Verification, finally, is the stage of consolidation, "rationalization," confirmation by experiment and derivation, where the details and formal proof are worked out painstakingly and systematically. This is basically a stage of convincing one's peers, of making the discovery acceptable to the wider scientific community. By the end of this stage, little may remain that points to the original blinding insight. And yet, without that revelatory moment, no progress would have been possible at all.
And in the spiritual sciences, this is the stage of proclaiming the truth to others, inviting to faith, and also of measuring everything against the yardsticks of the Koran and the Prophetic Way. This is not blind faith, but a faith whose truth has been verified, and can be perceived by all who have eyes to see—just as the truth of a scientific matter in the physical world can be assessed and approved only by scientists competent to pass judgment in that field, and the rest of us have to take them at their word.
Perhaps this sudden illumination is not divine revelation, as that is the province of prophets. But it is certainly inspiration of the purest sort. It is this inspiration that is the original source of knowledge (in both the physical and the spiritual sciences). Working out a laborious proof to "balance the books," to make everything neat and tidy and scientifically respectable, comes later.
As Jacques Barzun commented on Hadamard's study, "it is clear in the end that in any process of creation there lurks a mystery—a mystery at least equal to that of thinking itself." The recipients receive knowledge, but they do not know how they receive it. It comes to them ready-made.
Blaise Pascal was candid enough to state that many of his mathematical insights came directly from God. It is in this context that the full implication of the Master's explanation becomes clear: both spiritual knowledge and physical knowledge are "given," "inspired" ("in-spirited," communicated to the spirit) by God, via His Attribute of Knowledge (ilm).
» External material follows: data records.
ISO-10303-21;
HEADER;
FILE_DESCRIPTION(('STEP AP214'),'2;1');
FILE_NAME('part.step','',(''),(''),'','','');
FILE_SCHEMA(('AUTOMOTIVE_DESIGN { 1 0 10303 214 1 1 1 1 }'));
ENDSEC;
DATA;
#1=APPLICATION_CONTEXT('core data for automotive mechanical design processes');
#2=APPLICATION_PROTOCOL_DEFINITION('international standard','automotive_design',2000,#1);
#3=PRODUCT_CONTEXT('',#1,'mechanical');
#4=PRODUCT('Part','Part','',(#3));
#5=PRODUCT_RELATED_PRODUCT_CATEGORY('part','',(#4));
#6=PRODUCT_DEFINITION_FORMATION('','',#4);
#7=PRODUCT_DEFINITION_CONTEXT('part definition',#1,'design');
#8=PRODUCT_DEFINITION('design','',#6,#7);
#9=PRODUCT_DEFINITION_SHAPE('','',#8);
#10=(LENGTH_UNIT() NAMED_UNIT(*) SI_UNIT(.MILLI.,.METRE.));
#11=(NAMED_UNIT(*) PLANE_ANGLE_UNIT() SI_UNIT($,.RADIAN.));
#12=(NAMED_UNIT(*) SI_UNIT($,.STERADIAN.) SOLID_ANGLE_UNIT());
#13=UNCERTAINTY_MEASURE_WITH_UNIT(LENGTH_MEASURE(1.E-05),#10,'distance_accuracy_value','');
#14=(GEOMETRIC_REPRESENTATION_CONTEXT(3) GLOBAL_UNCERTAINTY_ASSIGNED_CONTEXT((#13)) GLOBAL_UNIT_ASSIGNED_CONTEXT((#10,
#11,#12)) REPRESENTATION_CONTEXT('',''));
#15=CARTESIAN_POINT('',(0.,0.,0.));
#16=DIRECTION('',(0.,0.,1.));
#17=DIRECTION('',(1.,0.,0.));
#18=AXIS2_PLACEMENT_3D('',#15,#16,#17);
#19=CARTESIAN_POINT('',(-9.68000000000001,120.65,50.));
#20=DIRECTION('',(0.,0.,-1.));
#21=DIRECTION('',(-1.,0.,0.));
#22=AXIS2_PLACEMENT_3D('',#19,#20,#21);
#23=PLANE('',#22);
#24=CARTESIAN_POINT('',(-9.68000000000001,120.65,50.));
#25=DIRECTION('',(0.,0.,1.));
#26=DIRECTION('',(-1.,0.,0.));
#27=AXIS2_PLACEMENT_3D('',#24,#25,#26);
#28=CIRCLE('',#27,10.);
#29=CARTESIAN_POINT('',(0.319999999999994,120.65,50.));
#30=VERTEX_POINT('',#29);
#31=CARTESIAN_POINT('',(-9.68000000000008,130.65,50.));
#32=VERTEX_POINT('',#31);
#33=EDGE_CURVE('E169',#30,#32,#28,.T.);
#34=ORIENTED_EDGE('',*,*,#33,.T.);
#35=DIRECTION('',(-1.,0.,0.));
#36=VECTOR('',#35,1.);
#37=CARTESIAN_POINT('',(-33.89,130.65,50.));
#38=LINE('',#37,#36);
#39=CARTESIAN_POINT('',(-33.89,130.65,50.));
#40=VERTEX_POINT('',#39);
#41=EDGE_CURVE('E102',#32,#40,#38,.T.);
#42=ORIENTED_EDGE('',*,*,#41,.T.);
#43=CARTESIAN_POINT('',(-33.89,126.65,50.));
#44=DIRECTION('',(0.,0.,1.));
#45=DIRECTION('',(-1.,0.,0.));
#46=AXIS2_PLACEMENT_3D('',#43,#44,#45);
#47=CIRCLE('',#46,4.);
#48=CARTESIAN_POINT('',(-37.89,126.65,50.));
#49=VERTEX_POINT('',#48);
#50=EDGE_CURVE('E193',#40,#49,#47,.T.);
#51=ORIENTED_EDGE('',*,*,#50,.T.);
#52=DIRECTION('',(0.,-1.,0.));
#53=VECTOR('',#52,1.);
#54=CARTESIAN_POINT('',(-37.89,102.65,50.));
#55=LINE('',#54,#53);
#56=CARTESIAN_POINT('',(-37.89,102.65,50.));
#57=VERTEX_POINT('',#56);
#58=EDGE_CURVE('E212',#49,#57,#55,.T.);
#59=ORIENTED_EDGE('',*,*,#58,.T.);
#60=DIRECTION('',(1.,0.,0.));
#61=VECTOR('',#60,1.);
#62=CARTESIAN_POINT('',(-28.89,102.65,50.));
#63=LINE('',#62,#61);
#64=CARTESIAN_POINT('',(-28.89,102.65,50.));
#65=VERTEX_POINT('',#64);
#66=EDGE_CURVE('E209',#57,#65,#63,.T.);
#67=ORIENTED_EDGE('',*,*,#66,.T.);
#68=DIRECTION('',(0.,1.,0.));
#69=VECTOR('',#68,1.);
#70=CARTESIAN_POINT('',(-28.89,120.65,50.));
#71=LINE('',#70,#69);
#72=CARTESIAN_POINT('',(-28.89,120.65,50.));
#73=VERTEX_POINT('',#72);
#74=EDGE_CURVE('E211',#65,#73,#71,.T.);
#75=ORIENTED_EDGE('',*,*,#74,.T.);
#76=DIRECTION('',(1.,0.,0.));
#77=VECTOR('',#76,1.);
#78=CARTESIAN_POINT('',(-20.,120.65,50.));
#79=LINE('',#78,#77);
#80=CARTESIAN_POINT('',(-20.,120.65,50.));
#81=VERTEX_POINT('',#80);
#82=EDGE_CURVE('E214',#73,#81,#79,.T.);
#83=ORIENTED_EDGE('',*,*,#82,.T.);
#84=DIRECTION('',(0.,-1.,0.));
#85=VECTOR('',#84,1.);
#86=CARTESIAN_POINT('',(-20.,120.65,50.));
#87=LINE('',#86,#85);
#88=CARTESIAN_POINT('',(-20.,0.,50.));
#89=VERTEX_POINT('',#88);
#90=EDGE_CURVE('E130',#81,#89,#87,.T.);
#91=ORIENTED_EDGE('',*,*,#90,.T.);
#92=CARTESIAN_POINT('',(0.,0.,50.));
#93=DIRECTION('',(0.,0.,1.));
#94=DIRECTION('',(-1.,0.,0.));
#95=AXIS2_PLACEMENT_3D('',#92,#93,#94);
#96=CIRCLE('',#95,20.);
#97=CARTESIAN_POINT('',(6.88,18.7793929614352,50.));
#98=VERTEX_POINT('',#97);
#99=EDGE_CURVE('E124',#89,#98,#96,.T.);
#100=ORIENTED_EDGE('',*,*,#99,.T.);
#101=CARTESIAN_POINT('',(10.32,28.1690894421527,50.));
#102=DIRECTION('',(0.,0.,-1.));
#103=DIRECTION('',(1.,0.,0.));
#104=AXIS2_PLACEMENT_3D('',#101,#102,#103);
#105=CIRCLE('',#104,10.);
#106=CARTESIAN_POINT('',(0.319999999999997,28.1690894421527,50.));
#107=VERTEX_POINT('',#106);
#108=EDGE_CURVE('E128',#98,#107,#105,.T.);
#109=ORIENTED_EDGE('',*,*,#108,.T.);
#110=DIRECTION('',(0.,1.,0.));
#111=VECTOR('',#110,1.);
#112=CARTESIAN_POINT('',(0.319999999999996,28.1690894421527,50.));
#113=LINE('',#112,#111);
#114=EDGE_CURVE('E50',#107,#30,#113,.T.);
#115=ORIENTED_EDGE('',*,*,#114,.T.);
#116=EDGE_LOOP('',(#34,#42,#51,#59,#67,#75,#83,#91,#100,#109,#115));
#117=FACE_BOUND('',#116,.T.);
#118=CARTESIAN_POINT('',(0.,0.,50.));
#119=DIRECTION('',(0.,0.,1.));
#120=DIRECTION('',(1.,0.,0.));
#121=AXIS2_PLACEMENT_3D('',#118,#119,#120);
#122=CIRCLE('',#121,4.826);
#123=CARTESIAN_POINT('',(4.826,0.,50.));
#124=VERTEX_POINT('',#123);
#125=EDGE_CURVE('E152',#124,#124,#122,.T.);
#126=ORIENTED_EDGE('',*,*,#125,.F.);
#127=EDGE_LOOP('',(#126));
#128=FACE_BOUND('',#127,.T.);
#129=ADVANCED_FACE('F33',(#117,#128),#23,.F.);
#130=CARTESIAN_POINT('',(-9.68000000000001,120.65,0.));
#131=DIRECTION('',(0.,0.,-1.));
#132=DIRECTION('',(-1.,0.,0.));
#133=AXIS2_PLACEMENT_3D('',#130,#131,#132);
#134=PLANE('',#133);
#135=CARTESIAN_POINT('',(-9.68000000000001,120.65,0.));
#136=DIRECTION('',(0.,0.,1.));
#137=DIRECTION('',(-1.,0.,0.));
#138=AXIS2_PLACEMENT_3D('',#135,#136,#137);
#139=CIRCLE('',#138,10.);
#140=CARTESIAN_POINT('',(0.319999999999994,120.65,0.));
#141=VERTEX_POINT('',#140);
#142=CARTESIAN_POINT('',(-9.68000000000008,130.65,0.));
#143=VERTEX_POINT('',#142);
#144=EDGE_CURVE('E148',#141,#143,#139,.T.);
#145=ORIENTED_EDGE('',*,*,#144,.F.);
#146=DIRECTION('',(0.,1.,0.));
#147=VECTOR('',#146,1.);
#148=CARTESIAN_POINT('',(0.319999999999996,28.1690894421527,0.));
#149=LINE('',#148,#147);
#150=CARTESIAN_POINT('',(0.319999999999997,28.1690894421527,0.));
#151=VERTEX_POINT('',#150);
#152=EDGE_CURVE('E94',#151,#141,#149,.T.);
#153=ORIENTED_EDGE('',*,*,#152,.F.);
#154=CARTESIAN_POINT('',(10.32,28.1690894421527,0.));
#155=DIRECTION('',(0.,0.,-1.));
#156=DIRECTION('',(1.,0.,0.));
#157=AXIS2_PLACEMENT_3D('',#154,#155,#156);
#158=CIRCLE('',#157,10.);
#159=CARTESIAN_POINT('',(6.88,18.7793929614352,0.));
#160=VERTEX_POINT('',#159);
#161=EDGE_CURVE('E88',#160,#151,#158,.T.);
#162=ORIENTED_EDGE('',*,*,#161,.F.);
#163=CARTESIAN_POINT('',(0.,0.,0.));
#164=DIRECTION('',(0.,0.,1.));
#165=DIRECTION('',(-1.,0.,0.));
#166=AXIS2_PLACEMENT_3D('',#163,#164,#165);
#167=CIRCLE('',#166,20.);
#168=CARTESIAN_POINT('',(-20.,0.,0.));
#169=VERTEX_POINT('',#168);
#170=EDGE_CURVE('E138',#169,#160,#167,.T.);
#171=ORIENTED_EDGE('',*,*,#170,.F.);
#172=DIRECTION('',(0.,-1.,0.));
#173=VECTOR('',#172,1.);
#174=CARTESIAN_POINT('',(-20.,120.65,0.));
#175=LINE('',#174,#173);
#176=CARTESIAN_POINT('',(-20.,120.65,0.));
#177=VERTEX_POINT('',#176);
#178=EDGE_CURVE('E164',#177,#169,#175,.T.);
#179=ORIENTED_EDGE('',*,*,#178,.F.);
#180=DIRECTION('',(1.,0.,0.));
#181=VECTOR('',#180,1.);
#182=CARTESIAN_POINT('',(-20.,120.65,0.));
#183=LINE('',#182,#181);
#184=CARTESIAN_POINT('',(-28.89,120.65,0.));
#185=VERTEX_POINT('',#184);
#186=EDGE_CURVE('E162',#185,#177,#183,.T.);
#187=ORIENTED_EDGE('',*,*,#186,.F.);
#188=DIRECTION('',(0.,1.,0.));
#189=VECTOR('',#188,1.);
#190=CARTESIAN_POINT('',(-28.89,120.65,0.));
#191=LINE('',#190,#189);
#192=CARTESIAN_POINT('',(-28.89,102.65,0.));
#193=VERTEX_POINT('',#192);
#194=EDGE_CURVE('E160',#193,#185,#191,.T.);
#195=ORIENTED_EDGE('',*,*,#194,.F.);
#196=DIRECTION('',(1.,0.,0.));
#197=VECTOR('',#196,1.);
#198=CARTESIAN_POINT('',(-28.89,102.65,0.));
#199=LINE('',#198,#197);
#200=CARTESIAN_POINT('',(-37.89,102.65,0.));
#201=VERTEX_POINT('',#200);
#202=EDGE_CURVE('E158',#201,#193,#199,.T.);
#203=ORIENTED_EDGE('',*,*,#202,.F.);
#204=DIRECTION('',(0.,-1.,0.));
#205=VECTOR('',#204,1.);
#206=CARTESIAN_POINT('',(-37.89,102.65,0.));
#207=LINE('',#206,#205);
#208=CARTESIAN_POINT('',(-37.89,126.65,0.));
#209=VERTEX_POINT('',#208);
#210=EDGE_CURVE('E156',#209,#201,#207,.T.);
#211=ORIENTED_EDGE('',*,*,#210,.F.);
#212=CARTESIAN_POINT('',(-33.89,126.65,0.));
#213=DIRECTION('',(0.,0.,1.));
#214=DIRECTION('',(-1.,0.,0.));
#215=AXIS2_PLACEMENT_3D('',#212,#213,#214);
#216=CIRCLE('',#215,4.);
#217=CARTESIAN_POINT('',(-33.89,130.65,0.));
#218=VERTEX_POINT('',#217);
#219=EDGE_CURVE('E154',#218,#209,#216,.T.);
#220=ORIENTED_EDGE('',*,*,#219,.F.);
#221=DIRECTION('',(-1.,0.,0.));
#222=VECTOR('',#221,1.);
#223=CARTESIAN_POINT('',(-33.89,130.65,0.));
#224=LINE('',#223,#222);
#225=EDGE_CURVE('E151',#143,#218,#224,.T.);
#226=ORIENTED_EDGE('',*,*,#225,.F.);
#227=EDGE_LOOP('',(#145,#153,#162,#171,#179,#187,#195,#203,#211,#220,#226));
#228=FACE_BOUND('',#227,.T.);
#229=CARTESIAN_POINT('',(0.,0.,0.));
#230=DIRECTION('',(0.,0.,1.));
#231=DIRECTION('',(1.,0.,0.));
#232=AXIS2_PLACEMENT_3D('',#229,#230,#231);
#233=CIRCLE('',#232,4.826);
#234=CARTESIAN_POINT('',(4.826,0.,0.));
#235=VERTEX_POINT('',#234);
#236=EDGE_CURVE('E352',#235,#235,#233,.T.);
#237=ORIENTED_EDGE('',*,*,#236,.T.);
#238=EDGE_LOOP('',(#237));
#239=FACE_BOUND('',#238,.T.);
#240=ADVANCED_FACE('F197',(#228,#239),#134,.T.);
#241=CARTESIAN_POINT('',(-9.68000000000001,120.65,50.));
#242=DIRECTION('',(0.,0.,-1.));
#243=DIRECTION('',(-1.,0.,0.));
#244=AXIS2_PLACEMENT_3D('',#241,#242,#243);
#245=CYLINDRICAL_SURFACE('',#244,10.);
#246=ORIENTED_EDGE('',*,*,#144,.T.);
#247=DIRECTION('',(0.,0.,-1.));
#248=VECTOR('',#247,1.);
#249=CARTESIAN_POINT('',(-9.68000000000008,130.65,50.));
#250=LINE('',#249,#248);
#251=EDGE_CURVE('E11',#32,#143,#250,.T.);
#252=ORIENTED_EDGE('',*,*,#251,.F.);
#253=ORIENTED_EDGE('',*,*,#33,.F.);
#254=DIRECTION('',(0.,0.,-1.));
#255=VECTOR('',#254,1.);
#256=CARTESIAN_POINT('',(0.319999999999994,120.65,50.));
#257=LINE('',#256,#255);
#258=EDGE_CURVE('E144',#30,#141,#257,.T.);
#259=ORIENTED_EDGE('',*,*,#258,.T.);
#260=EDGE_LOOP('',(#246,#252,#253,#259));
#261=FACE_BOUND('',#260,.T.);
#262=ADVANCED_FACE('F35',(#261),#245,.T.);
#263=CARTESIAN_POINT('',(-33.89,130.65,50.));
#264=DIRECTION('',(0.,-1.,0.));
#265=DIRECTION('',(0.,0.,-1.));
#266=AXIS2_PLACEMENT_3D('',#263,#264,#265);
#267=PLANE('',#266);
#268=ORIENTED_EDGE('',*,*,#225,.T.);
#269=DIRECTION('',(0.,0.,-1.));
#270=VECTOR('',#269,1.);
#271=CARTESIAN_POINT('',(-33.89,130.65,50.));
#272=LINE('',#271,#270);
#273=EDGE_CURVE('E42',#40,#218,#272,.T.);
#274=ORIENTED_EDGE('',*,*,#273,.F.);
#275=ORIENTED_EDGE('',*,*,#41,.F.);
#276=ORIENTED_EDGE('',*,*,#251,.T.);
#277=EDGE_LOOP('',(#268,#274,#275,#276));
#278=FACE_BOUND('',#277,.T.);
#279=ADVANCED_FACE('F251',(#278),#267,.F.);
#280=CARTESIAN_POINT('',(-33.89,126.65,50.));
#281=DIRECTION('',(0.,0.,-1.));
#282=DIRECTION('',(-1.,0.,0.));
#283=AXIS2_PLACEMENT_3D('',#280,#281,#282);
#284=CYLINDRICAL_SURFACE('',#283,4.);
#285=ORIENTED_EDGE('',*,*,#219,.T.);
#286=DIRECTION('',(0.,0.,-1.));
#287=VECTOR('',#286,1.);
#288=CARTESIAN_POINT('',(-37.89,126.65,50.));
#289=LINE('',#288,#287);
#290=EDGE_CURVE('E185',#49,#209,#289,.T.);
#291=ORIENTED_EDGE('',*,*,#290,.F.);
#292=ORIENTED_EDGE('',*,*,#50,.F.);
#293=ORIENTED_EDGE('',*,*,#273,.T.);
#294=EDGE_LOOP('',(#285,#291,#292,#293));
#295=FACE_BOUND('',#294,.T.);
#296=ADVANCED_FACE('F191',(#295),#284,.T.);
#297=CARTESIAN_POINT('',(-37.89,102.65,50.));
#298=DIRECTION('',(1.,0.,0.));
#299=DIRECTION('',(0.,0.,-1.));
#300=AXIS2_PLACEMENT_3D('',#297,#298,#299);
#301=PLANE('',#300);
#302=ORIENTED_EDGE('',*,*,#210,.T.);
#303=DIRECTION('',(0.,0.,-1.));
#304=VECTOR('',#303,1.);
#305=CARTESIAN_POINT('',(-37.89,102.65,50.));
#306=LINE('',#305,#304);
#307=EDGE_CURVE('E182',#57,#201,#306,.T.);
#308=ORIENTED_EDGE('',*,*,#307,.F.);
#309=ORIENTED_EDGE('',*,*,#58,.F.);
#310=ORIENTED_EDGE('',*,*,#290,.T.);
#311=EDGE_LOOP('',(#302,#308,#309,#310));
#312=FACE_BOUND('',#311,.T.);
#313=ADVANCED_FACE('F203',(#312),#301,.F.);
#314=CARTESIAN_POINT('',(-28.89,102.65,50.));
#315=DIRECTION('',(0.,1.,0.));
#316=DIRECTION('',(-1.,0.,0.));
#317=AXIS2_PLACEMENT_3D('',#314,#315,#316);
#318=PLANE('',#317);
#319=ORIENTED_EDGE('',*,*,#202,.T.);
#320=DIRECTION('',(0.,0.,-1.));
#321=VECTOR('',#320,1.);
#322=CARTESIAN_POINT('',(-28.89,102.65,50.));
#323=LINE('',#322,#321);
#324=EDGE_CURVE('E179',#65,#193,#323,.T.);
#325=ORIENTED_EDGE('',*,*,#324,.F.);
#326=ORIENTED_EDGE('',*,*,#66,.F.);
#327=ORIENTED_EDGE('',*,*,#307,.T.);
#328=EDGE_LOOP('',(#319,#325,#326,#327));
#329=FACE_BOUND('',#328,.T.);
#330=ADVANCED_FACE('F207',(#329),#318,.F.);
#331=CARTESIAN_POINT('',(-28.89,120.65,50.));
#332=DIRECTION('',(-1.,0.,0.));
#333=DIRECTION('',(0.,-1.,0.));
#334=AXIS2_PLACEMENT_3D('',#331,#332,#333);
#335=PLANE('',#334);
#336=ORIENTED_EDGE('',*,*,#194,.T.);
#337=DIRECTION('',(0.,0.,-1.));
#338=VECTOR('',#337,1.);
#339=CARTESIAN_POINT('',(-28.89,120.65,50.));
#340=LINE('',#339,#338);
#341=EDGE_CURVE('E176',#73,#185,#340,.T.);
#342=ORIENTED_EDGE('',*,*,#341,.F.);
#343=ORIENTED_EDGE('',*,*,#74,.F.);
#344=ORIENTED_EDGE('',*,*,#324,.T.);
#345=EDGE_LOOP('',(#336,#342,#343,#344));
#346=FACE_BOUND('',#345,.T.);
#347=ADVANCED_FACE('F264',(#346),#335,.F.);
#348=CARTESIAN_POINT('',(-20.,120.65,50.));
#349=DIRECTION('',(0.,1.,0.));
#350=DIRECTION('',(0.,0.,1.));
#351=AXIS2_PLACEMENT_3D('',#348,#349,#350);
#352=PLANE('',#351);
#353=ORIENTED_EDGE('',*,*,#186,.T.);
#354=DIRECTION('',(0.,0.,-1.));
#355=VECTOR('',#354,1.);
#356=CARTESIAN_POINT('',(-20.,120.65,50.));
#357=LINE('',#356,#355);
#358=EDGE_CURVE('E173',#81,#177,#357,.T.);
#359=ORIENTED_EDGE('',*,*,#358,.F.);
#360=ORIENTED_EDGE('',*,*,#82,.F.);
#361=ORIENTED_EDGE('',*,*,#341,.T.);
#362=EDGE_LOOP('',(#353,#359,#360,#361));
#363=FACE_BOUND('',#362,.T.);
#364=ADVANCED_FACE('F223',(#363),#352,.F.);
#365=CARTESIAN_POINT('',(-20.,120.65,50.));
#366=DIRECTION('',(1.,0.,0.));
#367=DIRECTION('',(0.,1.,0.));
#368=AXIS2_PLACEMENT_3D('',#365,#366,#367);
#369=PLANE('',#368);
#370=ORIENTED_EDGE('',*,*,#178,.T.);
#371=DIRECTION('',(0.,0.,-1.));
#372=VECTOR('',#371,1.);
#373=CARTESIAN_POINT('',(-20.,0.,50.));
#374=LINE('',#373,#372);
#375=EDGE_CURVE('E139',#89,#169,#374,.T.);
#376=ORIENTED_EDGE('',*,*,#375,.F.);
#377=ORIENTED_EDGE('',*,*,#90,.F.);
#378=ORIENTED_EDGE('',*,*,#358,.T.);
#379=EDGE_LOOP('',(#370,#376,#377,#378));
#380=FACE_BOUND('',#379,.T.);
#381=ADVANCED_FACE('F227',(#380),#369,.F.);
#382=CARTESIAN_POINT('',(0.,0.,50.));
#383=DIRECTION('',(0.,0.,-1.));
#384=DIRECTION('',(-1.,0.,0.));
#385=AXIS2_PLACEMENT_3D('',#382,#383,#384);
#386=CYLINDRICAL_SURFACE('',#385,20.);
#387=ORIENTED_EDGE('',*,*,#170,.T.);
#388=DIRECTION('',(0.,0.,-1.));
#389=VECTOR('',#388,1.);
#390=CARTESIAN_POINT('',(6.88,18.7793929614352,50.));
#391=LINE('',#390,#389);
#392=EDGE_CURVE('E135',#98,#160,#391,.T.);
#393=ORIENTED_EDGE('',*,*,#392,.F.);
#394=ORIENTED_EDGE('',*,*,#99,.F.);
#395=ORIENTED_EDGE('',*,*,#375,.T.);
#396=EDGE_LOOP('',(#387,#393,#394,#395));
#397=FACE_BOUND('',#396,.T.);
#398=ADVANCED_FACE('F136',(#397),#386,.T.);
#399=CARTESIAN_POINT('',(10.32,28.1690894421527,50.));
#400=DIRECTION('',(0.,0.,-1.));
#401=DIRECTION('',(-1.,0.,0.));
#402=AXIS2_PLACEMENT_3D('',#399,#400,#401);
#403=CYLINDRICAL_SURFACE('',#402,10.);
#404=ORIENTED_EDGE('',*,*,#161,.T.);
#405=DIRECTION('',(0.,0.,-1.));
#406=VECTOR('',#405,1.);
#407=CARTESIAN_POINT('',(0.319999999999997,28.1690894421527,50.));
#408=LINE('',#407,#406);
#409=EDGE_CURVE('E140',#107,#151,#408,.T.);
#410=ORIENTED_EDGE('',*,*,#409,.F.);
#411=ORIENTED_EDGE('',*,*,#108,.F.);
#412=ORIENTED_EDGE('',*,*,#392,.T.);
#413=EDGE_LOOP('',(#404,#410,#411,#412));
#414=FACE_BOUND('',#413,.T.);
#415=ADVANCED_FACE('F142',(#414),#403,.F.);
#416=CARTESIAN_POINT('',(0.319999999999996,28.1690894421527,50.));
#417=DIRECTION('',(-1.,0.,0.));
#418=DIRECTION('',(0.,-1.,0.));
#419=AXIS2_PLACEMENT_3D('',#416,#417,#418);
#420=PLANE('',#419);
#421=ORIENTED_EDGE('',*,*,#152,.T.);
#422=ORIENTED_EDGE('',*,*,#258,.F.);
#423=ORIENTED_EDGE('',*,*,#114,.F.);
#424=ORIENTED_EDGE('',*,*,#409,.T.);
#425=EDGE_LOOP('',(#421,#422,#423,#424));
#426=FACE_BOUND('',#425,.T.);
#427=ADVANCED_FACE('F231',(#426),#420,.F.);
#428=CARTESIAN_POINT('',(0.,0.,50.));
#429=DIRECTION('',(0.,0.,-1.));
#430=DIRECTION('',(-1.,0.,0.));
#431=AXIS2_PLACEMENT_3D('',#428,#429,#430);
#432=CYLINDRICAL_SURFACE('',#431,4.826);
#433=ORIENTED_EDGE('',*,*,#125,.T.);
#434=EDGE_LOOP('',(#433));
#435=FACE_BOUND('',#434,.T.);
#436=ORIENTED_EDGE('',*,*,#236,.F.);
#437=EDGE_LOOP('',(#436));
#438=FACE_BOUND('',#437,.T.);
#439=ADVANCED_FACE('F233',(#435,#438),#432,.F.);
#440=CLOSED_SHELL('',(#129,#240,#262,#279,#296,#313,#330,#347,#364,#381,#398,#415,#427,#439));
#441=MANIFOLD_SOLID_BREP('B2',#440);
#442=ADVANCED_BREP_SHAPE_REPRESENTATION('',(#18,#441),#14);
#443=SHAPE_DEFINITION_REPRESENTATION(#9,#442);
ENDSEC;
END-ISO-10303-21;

This also shows that we do not live in a "clockwork universe." God did not create a watch, wind it up, and leave it alone for the rest of eternity. Rather, He actively intervenes in the universe all the time: He is at a task each instant (cf. 55:29). He provides inspiration for all persons—scientists, artists, and mystics—when the appropriate time arrives, and in accordance with their labor. God is beyond the universe, but also within: He is both transcendent and immanent. Moreover, because God is the true Source of scientific knowledge, knowledge/science is the common property of all humanity. So is art, and so is spirituality.
A Note on Sources
The examples of Poincaré, Hadamard, Gauss, Ampére, and Kekulé are taken from Arthur Koestler, The Act of Creation (1964), pp. 115-18. Penrose is taken from Roger Penrose, The Emperor's New Mind (1989), pp. 543-4. Bohr, Einstein, Loewi and Mendeleyev are from Jesse Hong Xiong, The Outline of Parapsychology (2010), pp. 279-80. Wiles is from the BBC. Use was also made of the worlddreambank.org collection (Einstein, Loewi). Ramanujan can be traced back to T. K. Rajagopalan, who is quoted in S. R. Ranganathan, Ramanujan : The Man and the Mathematician (1967), p. 87.